Workbench

Markdown

The workbench is a persistent Python sandbox where your agent can write and execute code. It has access to all Composio tools programmatically, plus helper functions for calling LLMs, uploading files, and making API requests. State persists across calls within a session. The COMPOSIO_REMOTE_BASH_TOOL meta tool also runs commands in the same sandbox.

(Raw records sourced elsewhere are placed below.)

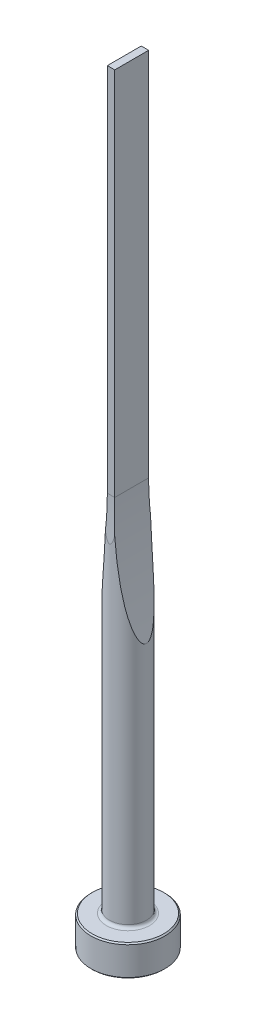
ISO-10303-21;
HEADER;
FILE_DESCRIPTION(('STEP AP214'),'2;1');
FILE_NAME('part.step','',(''),(''),'','','');
FILE_SCHEMA(('AUTOMOTIVE_DESIGN { 1 0 10303 214 1 1 1 1 }'));
ENDSEC;
DATA;
#1=APPLICATION_CONTEXT('core data for automotive mechanical design processes');
#2=APPLICATION_PROTOCOL_DEFINITION('international standard','automotive_design',2000,#1);
#3=PRODUCT_CONTEXT('',#1,'mechanical');
#4=PRODUCT('Part','Part','',(#3));
#5=PRODUCT_RELATED_PRODUCT_CATEGORY('part','',(#4));
#6=PRODUCT_DEFINITION_FORMATION('','',#4);
#7=PRODUCT_DEFINITION_CONTEXT('part definition',#1,'design');
#8=PRODUCT_DEFINITION('design','',#6,#7);
#9=PRODUCT_DEFINITION_SHAPE('','',#8);
#10=(LENGTH_UNIT() NAMED_UNIT(*) SI_UNIT(.MILLI.,.METRE.));
#11=(NAMED_UNIT(*) PLANE_ANGLE_UNIT() SI_UNIT($,.RADIAN.));
#12=(NAMED_UNIT(*) SI_UNIT($,.STERADIAN.) SOLID_ANGLE_UNIT());
#13=UNCERTAINTY_MEASURE_WITH_UNIT(LENGTH_MEASURE(1.E-05),#10,'distance_accuracy_value','');
#14=(GEOMETRIC_REPRESENTATION_CONTEXT(3) GLOBAL_UNCERTAINTY_ASSIGNED_CONTEXT((#13)) GLOBAL_UNIT_ASSIGNED_CONTEXT((#10,
#11,#12)) REPRESENTATION_CONTEXT('',''));
#15=CARTESIAN_POINT('',(0.,0.,0.));
#16=DIRECTION('',(0.,0.,1.));
#17=DIRECTION('',(1.,0.,0.));
#18=AXIS2_PLACEMENT_3D('',#15,#16,#17);
#19=CARTESIAN_POINT('',(0.,0.,0.));
#20=DIRECTION('',(0.,1.,0.));
#21=DIRECTION('',(-1.,0.,0.));
#22=AXIS2_PLACEMENT_3D('',#19,#20,#21);
#23=PLANE('',#22);
#24=CARTESIAN_POINT('',(0.,0.,0.));
#25=DIRECTION('',(0.,1.,0.));
#26=DIRECTION('',(-1.,0.,0.));
#27=AXIS2_PLACEMENT_3D('',#24,#25,#26);
#28=CIRCLE('',#27,5.8);
#29=CARTESIAN_POINT('',(-5.8,0.,0.));
#30=VERTEX_POINT('',#29);
#31=EDGE_CURVE('E133',#30,#30,#28,.T.);
#32=ORIENTED_EDGE('',*,*,#31,.F.);
#33=EDGE_LOOP('',(#32));
#34=FACE_BOUND('',#33,.T.);
#35=ADVANCED_FACE('F32',(#34),#23,.F.);
#36=CARTESIAN_POINT('',(0.,0.,0.));
#37=DIRECTION('',(0.,1.,0.));
#38=DIRECTION('',(-1.,0.,0.));
#39=AXIS2_PLACEMENT_3D('',#36,#37,#38);
#40=CONICAL_SURFACE('',#39,5.8,0.785398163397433);
#41=CARTESIAN_POINT('',(0.,0.200000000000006,0.));
#42=DIRECTION('',(0.,1.,0.));
#43=DIRECTION('',(-1.,0.,0.));
#44=AXIS2_PLACEMENT_3D('',#41,#42,#43);
#45=CIRCLE('',#44,6.);
#46=CARTESIAN_POINT('',(-6.,0.200000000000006,0.));
#47=VERTEX_POINT('',#46);
#48=EDGE_CURVE('E130',#47,#47,#45,.T.);
#49=ORIENTED_EDGE('',*,*,#48,.F.);
#50=EDGE_LOOP('',(#49));
#51=FACE_BOUND('',#50,.T.);
#52=ORIENTED_EDGE('',*,*,#31,.T.);
#53=EDGE_LOOP('',(#52));
#54=FACE_BOUND('',#53,.T.);
#55=ADVANCED_FACE('F171',(#51,#54),#40,.T.);
#56=CARTESIAN_POINT('',(0.,125.,0.));
#57=DIRECTION('',(0.,1.,0.));
#58=DIRECTION('',(-1.,0.,0.));
#59=AXIS2_PLACEMENT_3D('',#56,#57,#58);
#60=CYLINDRICAL_SURFACE('',#59,6.);
#61=CARTESIAN_POINT('',(0.,4.8,0.));
#62=DIRECTION('',(0.,1.,0.));
#63=DIRECTION('',(-1.,0.,0.));
#64=AXIS2_PLACEMENT_3D('',#61,#62,#63);
#65=CIRCLE('',#64,6.);
#66=CARTESIAN_POINT('',(-6.,4.8,0.));
#67=VERTEX_POINT('',#66);
#68=EDGE_CURVE('E127',#67,#67,#65,.T.);
#69=ORIENTED_EDGE('',*,*,#68,.F.);
#70=EDGE_LOOP('',(#69));
#71=FACE_BOUND('',#70,.T.);
#72=ORIENTED_EDGE('',*,*,#48,.T.);
#73=EDGE_LOOP('',(#72));
#74=FACE_BOUND('',#73,.T.);
#75=ADVANCED_FACE('F176',(#71,#74),#60,.T.);
#76=CARTESIAN_POINT('',(0.,4.8,0.));
#77=DIRECTION('',(0.,-1.,0.));
#78=DIRECTION('',(1.,0.,0.));
#79=AXIS2_PLACEMENT_3D('',#76,#77,#78);
#80=CONICAL_SURFACE('',#79,6.,0.785398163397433);
#81=CARTESIAN_POINT('',(0.,5.,0.));
#82=DIRECTION('',(0.,1.,0.));
#83=DIRECTION('',(-1.,0.,0.));
#84=AXIS2_PLACEMENT_3D('',#81,#82,#83);
#85=CIRCLE('',#84,5.8);
#86=CARTESIAN_POINT('',(-5.8,5.,0.));
#87=VERTEX_POINT('',#86);
#88=EDGE_CURVE('E124',#87,#87,#85,.T.);
#89=ORIENTED_EDGE('',*,*,#88,.F.);
#90=EDGE_LOOP('',(#89));
#91=FACE_BOUND('',#90,.T.);
#92=ORIENTED_EDGE('',*,*,#68,.T.);
#93=EDGE_LOOP('',(#92));
#94=FACE_BOUND('',#93,.T.);
#95=ADVANCED_FACE('F183',(#91,#94),#80,.T.);
#96=CARTESIAN_POINT('',(5.8,5.,0.));
#97=DIRECTION('',(0.,-1.,0.));
#98=DIRECTION('',(1.,0.,0.));
#99=AXIS2_PLACEMENT_3D('',#96,#97,#98);
#100=PLANE('',#99);
#101=CARTESIAN_POINT('',(0.,5.,0.));
#102=DIRECTION('',(0.,1.,0.));
#103=DIRECTION('',(-1.,0.,0.));
#104=AXIS2_PLACEMENT_3D('',#101,#102,#103);
#105=CIRCLE('',#104,3.50000000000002);
#106=CARTESIAN_POINT('',(-3.50000000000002,5.,0.));
#107=VERTEX_POINT('',#106);
#108=EDGE_CURVE('E121',#107,#107,#105,.T.);
#109=ORIENTED_EDGE('',*,*,#108,.F.);
#110=EDGE_LOOP('',(#109));
#111=FACE_BOUND('',#110,.T.);
#112=ORIENTED_EDGE('',*,*,#88,.T.);
#113=EDGE_LOOP('',(#112));
#114=FACE_BOUND('',#113,.T.);
#115=ADVANCED_FACE('F190',(#111,#114),#100,.F.);
#116=CARTESIAN_POINT('',(0.,5.5,0.));
#117=DIRECTION('',(0.,1.,0.));
#118=DIRECTION('',(-1.,0.,0.));
#119=AXIS2_PLACEMENT_3D('',#116,#117,#118);
#120=TOROIDAL_SURFACE('',#119,3.50000000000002,0.5);
#121=CARTESIAN_POINT('',(0.,5.50000000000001,0.));
#122=DIRECTION('',(0.,1.,0.));
#123=DIRECTION('',(-1.,0.,0.));
#124=AXIS2_PLACEMENT_3D('',#121,#122,#123);
#125=CIRCLE('',#124,3.00000000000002);
#126=CARTESIAN_POINT('',(-3.00000000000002,5.50000000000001,0.));
#127=VERTEX_POINT('',#126);
#128=EDGE_CURVE('E112',#127,#127,#125,.T.);
#129=ORIENTED_EDGE('',*,*,#128,.F.);
#130=EDGE_LOOP('',(#129));
#131=FACE_BOUND('',#130,.T.);
#132=ORIENTED_EDGE('',*,*,#108,.T.);
#133=EDGE_LOOP('',(#132));
#134=FACE_BOUND('',#133,.T.);
#135=ADVANCED_FACE('F168',(#131,#134),#120,.F.);
#136=CARTESIAN_POINT('',(0.,125.,0.));
#137=DIRECTION('',(0.,1.,0.));
#138=DIRECTION('',(-1.,0.,0.));
#139=AXIS2_PLACEMENT_3D('',#136,#137,#138);
#140=CYLINDRICAL_SURFACE('',#139,3.00000000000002);
#141=CARTESIAN_POINT('',(3.00000000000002,44.3544193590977,0.));
#142=CARTESIAN_POINT('',(2.99999954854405,44.3544212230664,0.048352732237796));
#143=CARTESIAN_POINT('',(2.99881313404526,44.3594533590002,0.0967104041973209));
#144=CARTESIAN_POINT('',(2.99426254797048,44.3787765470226,0.191463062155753));
#145=CARTESIAN_POINT('',(2.99089325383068,44.393089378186,0.237853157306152));
#146=CARTESIAN_POINT('',(2.98152916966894,44.4329374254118,0.336831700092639));
#147=CARTESIAN_POINT('',(2.975130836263,44.4602014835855,0.388667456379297));
#148=CARTESIAN_POINT('',(2.96059089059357,44.5223295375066,0.487236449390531));
#149=CARTESIAN_POINT('',(2.95244592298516,44.5572081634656,0.533959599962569));
#150=CARTESIAN_POINT('',(2.9359154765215,44.6282186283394,0.61809210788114));
#151=CARTESIAN_POINT('',(2.92764370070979,44.6638402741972,0.65596461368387));
#152=CARTESIAN_POINT('',(2.91044814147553,44.7381158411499,0.728478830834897));
#153=CARTESIAN_POINT('',(2.901523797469,44.7767723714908,0.76311770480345));
#154=CARTESIAN_POINT('',(2.88320082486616,44.8563951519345,0.8296663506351));
#155=CARTESIAN_POINT('',(2.87380114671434,44.8973665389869,0.86156962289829));
#156=CARTESIAN_POINT('',(2.85468203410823,44.9809836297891,0.922941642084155));
#157=CARTESIAN_POINT('',(2.84496271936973,45.0236287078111,0.9524112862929));
#158=CARTESIAN_POINT('',(2.81968911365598,45.1349082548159,1.02547116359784));
#159=CARTESIAN_POINT('',(2.80396615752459,45.2045035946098,1.06753742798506));
#160=CARTESIAN_POINT('',(2.77218749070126,45.3459768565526,1.14752701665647));
#161=CARTESIAN_POINT('',(2.75613160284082,45.417856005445,1.18544806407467));
#162=CARTESIAN_POINT('',(2.70764400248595,45.6362205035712,1.29422675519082));
#163=CARTESIAN_POINT('',(2.67494581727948,45.7851979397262,1.35995424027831));
#164=CARTESIAN_POINT('',(2.60936263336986,46.0877844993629,1.48189091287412));
#165=CARTESIAN_POINT('',(2.57647755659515,46.2414138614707,1.53804822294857));
#166=CARTESIAN_POINT('',(2.52739820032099,46.4737193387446,1.61653965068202));
#167=CARTESIAN_POINT('',(2.51108896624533,46.5514201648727,1.64173338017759));
#168=CARTESIAN_POINT('',(2.47857216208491,46.7073703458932,1.69042535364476));
#169=CARTESIAN_POINT('',(2.46236458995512,46.7856196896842,1.71392363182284));
#170=CARTESIAN_POINT('',(2.41279480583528,47.0265657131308,1.78375004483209));
#171=CARTESIAN_POINT('',(2.37963510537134,47.1900242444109,1.82759992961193));
#172=CARTESIAN_POINT('',(2.31397739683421,47.5184020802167,1.91004661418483));
#173=CARTESIAN_POINT('',(2.28147949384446,47.6833216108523,1.94864258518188));
#174=CARTESIAN_POINT('',(2.21721762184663,48.0143525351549,2.02146122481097));
#175=CARTESIAN_POINT('',(2.18545403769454,48.1804644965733,2.05568164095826));
#176=CARTESIAN_POINT('',(2.12273524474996,48.5135705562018,2.12038170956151));
#177=CARTESIAN_POINT('',(2.09178008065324,48.6805647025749,2.15086115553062));
#178=CARTESIAN_POINT('',(2.00004880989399,49.1833980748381,2.23761866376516));
#179=CARTESIAN_POINT('',(1.94055790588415,49.5203110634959,2.28905054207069));
#180=CARTESIAN_POINT('',(1.82523631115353,50.1959867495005,2.38200864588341));
#181=CARTESIAN_POINT('',(1.76940460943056,50.5347489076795,2.42353761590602));
#182=CARTESIAN_POINT('',(1.66141797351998,51.2142411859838,2.49880495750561));
#183=CARTESIAN_POINT('',(1.60926869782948,51.5549735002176,2.53253151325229));
#184=CARTESIAN_POINT('',(1.50881206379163,52.2375840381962,2.59363395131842));
#185=CARTESIAN_POINT('',(1.46050493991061,52.5794623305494,2.62100944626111));
#186=CARTESIAN_POINT('',(1.36784640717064,53.2636554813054,2.67053368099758));
#187=CARTESIAN_POINT('',(1.32348974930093,53.6059691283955,2.69268942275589));
#188=CARTESIAN_POINT('',(1.23869133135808,54.2913239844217,2.73273481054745));
#189=CARTESIAN_POINT('',(1.19824954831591,54.6343651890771,2.75062448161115));
#190=CARTESIAN_POINT('',(1.11258358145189,55.3988597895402,2.78653554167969));
#191=CARTESIAN_POINT('',(1.06835244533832,55.8204661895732,2.80366809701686));
#192=CARTESIAN_POINT('',(0.985839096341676,56.6644171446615,2.83373353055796));
#193=CARTESIAN_POINT('',(0.947557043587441,57.0867617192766,2.8466662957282));
#194=CARTESIAN_POINT('',(0.876957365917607,57.9320778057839,2.86920171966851));
#195=CARTESIAN_POINT('',(0.844640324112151,58.3550493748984,2.8788040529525));
#196=CARTESIAN_POINT('',(0.785986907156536,59.2014638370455,2.89536730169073));
#197=CARTESIAN_POINT('',(0.759650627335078,59.6249067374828,2.90232817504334));
#198=CARTESIAN_POINT('',(0.712944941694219,60.4725634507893,2.91415377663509));
#199=CARTESIAN_POINT('',(0.69258135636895,60.8967776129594,2.91901646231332));
#200=CARTESIAN_POINT('',(0.65786074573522,61.7454697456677,2.92703401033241));
#201=CARTESIAN_POINT('',(0.643503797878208,62.1699477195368,2.93018885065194));
#202=CARTESIAN_POINT('',(0.609450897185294,63.4435761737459,2.93754507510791));
#203=CARTESIAN_POINT('',(0.598768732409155,64.2929965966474,2.93963909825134));
#204=CARTESIAN_POINT('',(0.601453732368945,65.9900060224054,2.93909086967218));
#205=CARTESIAN_POINT('',(0.614770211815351,66.8375951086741,2.9364585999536));
#206=CARTESIAN_POINT('',(0.652696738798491,68.1084208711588,2.92816045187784));
#207=CARTESIAN_POINT('',(0.668332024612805,68.5319561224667,2.92466918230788));
#208=CARTESIAN_POINT('',(0.705583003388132,69.3787431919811,2.91590934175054));
#209=CARTESIAN_POINT('',(0.727198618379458,69.8019950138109,2.91064079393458));
#210=CARTESIAN_POINT('',(0.77638684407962,70.6478184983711,2.8979072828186));
#211=CARTESIAN_POINT('',(0.803955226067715,71.0703904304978,2.89044387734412));
#212=CARTESIAN_POINT('',(0.865048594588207,71.9150402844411,2.87275195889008));
#213=CARTESIAN_POINT('',(0.898573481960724,72.3371182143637,2.86252349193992));
#214=CARTESIAN_POINT('',(0.971563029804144,73.1806155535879,2.83858073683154));
#215=CARTESIAN_POINT('',(1.01102703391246,73.6020350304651,2.82486683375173));
#216=CARTESIAN_POINT('',(1.09587742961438,74.4441039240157,2.79304679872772));
#217=CARTESIAN_POINT('',(1.14126363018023,74.8647533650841,2.77494080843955));
#218=CARTESIAN_POINT('',(1.2166291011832,75.519932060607,2.74238522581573));
#219=CARTESIAN_POINT('',(1.2445838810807,75.7547906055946,2.72984052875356));
#220=CARTESIAN_POINT('',(1.30232901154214,76.2241644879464,2.7027679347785));
#221=CARTESIAN_POINT('',(1.33211934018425,76.4586798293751,2.68824006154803));
#222=CARTESIAN_POINT('',(1.42423718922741,77.1616917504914,2.64127299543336));
#223=CARTESIAN_POINT('',(1.48930683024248,77.6296130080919,2.60545231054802));
#224=CARTESIAN_POINT('',(1.62662281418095,78.563208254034,2.52202098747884));
#225=CARTESIAN_POINT('',(1.69886646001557,79.0288830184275,2.47441477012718));
#226=CARTESIAN_POINT('',(1.81245656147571,79.7250614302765,2.39106255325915));
#227=CARTESIAN_POINT('',(1.85118686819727,79.9567105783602,2.36129131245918));
#228=CARTESIAN_POINT('',(1.93034560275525,80.4190590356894,2.29703587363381));
#229=CARTESIAN_POINT('',(1.97077394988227,80.6497583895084,2.26255189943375));
#230=CARTESIAN_POINT('',(2.05334025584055,81.1103658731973,2.18789806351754));
#231=CARTESIAN_POINT('',(2.09548110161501,81.3402718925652,2.14771828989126));
#232=CARTESIAN_POINT('',(2.18131971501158,81.7985511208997,2.06048498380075));
#233=CARTESIAN_POINT('',(2.22501779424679,82.026924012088,2.01343006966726));
#234=CARTESIAN_POINT('',(2.31379210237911,82.4813925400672,1.91075197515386));
#235=CARTESIAN_POINT('',(2.35886782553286,82.7074889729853,1.85513190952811));
#236=CARTESIAN_POINT('',(2.45014233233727,83.1564023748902,1.73282311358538));
#237=CARTESIAN_POINT('',(2.4963405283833,83.3792209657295,1.6661400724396));
#238=CARTESIAN_POINT('',(2.5661732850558,83.7098404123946,1.554561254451));
#239=CARTESIAN_POINT('',(2.58957692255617,83.8196133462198,1.5153726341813));
#240=CARTESIAN_POINT('',(2.63643492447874,84.0374268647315,1.43230444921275));
#241=CARTESIAN_POINT('',(2.65988930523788,84.1454667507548,1.3884230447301));
#242=CARTESIAN_POINT('',(2.70669126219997,84.3591902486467,1.29482368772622));
#243=CARTESIAN_POINT('',(2.73003870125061,84.4648712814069,1.24509968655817));
#244=CARTESIAN_POINT('',(2.77627728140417,84.6724433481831,1.13827697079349));
#245=CARTESIAN_POINT('',(2.79916883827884,84.7743379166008,1.08118536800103));
#246=CARTESIAN_POINT('',(2.84421494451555,84.9732972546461,0.95651447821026));
#247=CARTESIAN_POINT('',(2.86636091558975,85.0703097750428,0.888844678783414));
#248=CARTESIAN_POINT('',(2.8978839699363,85.2074506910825,0.77700352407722));
#249=CARTESIAN_POINT('',(2.90808585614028,85.2516689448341,0.738109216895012));
#250=CARTESIAN_POINT('',(2.92766210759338,85.3362493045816,0.656181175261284));
#251=CARTESIAN_POINT('',(2.93703767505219,85.3766170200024,0.613153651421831));
#252=CARTESIAN_POINT('',(2.95286393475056,85.4445717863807,0.531023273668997));
#253=CARTESIAN_POINT('',(2.9595297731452,85.4731213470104,0.492767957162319));
#254=CARTESIAN_POINT('',(2.97174032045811,85.5253215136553,0.412789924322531));
#255=CARTESIAN_POINT('',(2.97728453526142,85.5489699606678,0.37106569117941));
#256=CARTESIAN_POINT('',(2.98688558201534,85.5898672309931,0.283667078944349));
#257=CARTESIAN_POINT('',(2.99092210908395,85.6070287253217,0.23794834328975));
#258=CARTESIAN_POINT('',(2.99690909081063,85.6324657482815,0.143990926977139));
#259=CARTESIAN_POINT('',(2.99886455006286,85.640762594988,0.0957585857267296));
#260=CARTESIAN_POINT('',(3.00031309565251,85.64690925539,0.00370587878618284));
#261=CARTESIAN_POINT('',(3.00004412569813,85.6457685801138,-0.0400433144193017));
#262=CARTESIAN_POINT('',(2.99764218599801,85.6355744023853,-0.126566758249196));
#263=CARTESIAN_POINT('',(2.99550742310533,85.626513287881,-0.169340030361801));
#264=CARTESIAN_POINT('',(2.98914571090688,85.5994763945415,-0.259584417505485));
#265=CARTESIAN_POINT('',(2.98463061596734,85.5802718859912,-0.306658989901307));
#266=CARTESIAN_POINT('',(2.97396142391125,85.5347975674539,-0.397031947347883));
#267=CARTESIAN_POINT('',(2.96780425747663,85.5085145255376,-0.440323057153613));
#268=CARTESIAN_POINT('',(2.94983205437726,85.4316044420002,-0.550830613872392));
#269=CARTESIAN_POINT('',(2.93698705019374,85.3764521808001,-0.614685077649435));
#270=CARTESIAN_POINT('',(2.90952748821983,85.2579561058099,-0.73374651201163));
#271=CARTESIAN_POINT('',(2.89490771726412,85.1945881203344,-0.788926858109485));
#272=CARTESIAN_POINT('',(2.85840241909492,85.035497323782,-0.913992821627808));
#273=CARTESIAN_POINT('',(2.8360182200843,84.9372555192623,-0.980485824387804));
#274=CARTESIAN_POINT('',(2.79031862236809,84.7350119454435,-1.10382067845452));
#275=CARTESIAN_POINT('',(2.76700129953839,84.6309980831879,-1.16064116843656));
#276=CARTESIAN_POINT('',(2.71985245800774,84.4188449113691,-1.26720476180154));
#277=CARTESIAN_POINT('',(2.69601887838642,84.3106867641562,-1.31690902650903));
#278=CARTESIAN_POINT('',(2.6482752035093,84.0920565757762,-1.41045614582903));
#279=CARTESIAN_POINT('',(2.62436521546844,83.9815870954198,-1.45430512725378));
#280=CARTESIAN_POINT('',(2.57821293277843,83.7663606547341,-1.53453935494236));
#281=CARTESIAN_POINT('',(2.55596620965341,83.6617167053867,-1.57122780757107));
#282=CARTESIAN_POINT('',(2.51161973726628,83.451255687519,-1.64118136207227));
#283=CARTESIAN_POINT('',(2.48952000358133,83.3454384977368,-1.67444610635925));
#284=CARTESIAN_POINT('',(2.42351886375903,83.0265162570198,-1.76990864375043));
#285=CARTESIAN_POINT('',(2.37993617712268,82.8120367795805,-1.82774006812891));
#286=CARTESIAN_POINT('',(2.29385170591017,82.3802412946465,-1.93466697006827));
#287=CARTESIAN_POINT('',(2.25135244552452,82.1629201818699,-1.98374340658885));
#288=CARTESIAN_POINT('',(2.16769555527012,81.7265326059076,-2.07482958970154));
#289=CARTESIAN_POINT('',(2.12653806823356,81.5074659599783,-2.11683858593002));
#290=CARTESIAN_POINT('',(2.0456003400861,81.0676199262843,-2.19515180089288));
#291=CARTESIAN_POINT('',(2.00582293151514,80.846838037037,-2.23144477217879));
#292=CARTESIAN_POINT('',(1.92779808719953,80.4042560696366,-2.29918715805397));
#293=CARTESIAN_POINT('',(1.88955073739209,80.1824559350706,-2.33063630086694));
#294=CARTESIAN_POINT('',(1.81468937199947,79.738359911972,-2.38938543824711));
#295=CARTESIAN_POINT('',(1.77807314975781,79.5160651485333,-2.41669116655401));
#296=CARTESIAN_POINT('',(1.70645210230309,79.0708205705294,-2.46778257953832));
#297=CARTESIAN_POINT('',(1.6714472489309,78.8478707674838,-2.49156832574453));
#298=CARTESIAN_POINT('',(1.56911137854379,78.1796617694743,-2.55822914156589));
#299=CARTESIAN_POINT('',(1.50421176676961,77.7335764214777,-2.596594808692));
#300=CARTESIAN_POINT('',(1.38103837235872,76.8397827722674,-2.66414008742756));
#301=CARTESIAN_POINT('',(1.32276521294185,76.3920743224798,-2.69331883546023));
#302=CARTESIAN_POINT('',(1.2129037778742,75.4952924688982,-2.7445468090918));
#303=CARTESIAN_POINT('',(1.1613176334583,75.0462186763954,-2.76659376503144));
#304=CARTESIAN_POINT('',(1.06489586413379,74.1471068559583,-2.80511813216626));
#305=CARTESIAN_POINT('',(1.02006035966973,73.697068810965,-2.82159544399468));
#306=CARTESIAN_POINT('',(0.937096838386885,72.795453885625,-2.85022399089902));
#307=CARTESIAN_POINT('',(0.898980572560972,72.3438756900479,-2.8623676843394));
#308=CARTESIAN_POINT('',(0.829568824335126,71.4401156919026,-2.88324951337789));
#309=CARTESIAN_POINT('',(0.798273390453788,70.9879338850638,-2.89198762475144));
#310=CARTESIAN_POINT('',(0.742520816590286,70.0831895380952,-2.90680131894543));
#311=CARTESIAN_POINT('',(0.71806242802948,69.6306270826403,-2.91287738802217));
#312=CARTESIAN_POINT('',(0.675984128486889,68.7251557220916,-2.9229288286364));
#313=CARTESIAN_POINT('',(0.658364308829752,68.2722468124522,-2.92690417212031));
#314=CARTESIAN_POINT('',(0.629994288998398,67.3670163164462,-2.93314123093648));
#315=CARTESIAN_POINT('',(0.619231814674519,66.9146951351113,-2.93540600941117));
#316=CARTESIAN_POINT('',(0.604529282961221,66.0099297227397,-2.93846909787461));
#317=CARTESIAN_POINT('',(0.600589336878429,65.5574854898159,-2.93926738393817));
#318=CARTESIAN_POINT('',(0.599533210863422,64.6525553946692,-2.93948298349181));
#319=CARTESIAN_POINT('',(0.602417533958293,64.200069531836,-2.93890019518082));
#320=CARTESIAN_POINT('',(0.615010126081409,63.2952041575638,-2.93629085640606));
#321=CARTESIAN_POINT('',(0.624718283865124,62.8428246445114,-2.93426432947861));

The workbench is part of the meta tools system. It's available when you create sessions, not when executing tools directly.

Where it fits

Your agent starts with SEARCH_TOOLS to find the right tools, then uses MULTI_EXECUTE for straightforward calls. When the task involves bulk operations, data transformations, or multi-step logic, the agent uses COMPOSIO_REMOTE_WORKBENCH instead.

What the sandbox provides

Built-in helpers

These functions are pre-initialized in every sandbox:

HelperWhat it does
run_composio_toolExecute any Composio tool (e.g., GMAIL_SEND_EMAIL, SLACK_SEND_MESSAGE) and get structured results
invoke_llmCall an LLM for classification, summarization, content generation, or data extraction
upload_local_fileUpload generated files (reports, CSVs, images) to cloud storage and get a download URL
proxy_executeMake direct API calls to connected services when no pre-built tool exists
web_searchSearch the web and return results for research or data enrichment
smart_file_extractExtract text from PDFs, images, and other file formats in the sandbox

Libraries

Common packages like pandas, numpy, matplotlib, Pillow, PyTorch, and reportlab are pre-installed. Beyond these, the workbench maintains a list of supported packages and their dependencies. If the agent uses a package that isn't already installed, the workbench attempts to install it automatically.

Error correction

The workbench corrects common mistakes in the code your agent generates. For example, if a script accesses result["apiKey"] but the actual field name is api_key, the workbench resolves the mismatch instead of failing.

Persistent state

The sandbox runs as a persistent Jupyter notebook. Variables, imports, files, and in-memory state from one call are available in the next.

Common patterns

Bulk operations across apps

Some tasks touch hundreds of items across services. Say you need to triage 150 unread emails. The agent writes a workbench script: classify each email with invoke_llm, apply Gmail labels with run_composio_tool, and log results to a Google sheet.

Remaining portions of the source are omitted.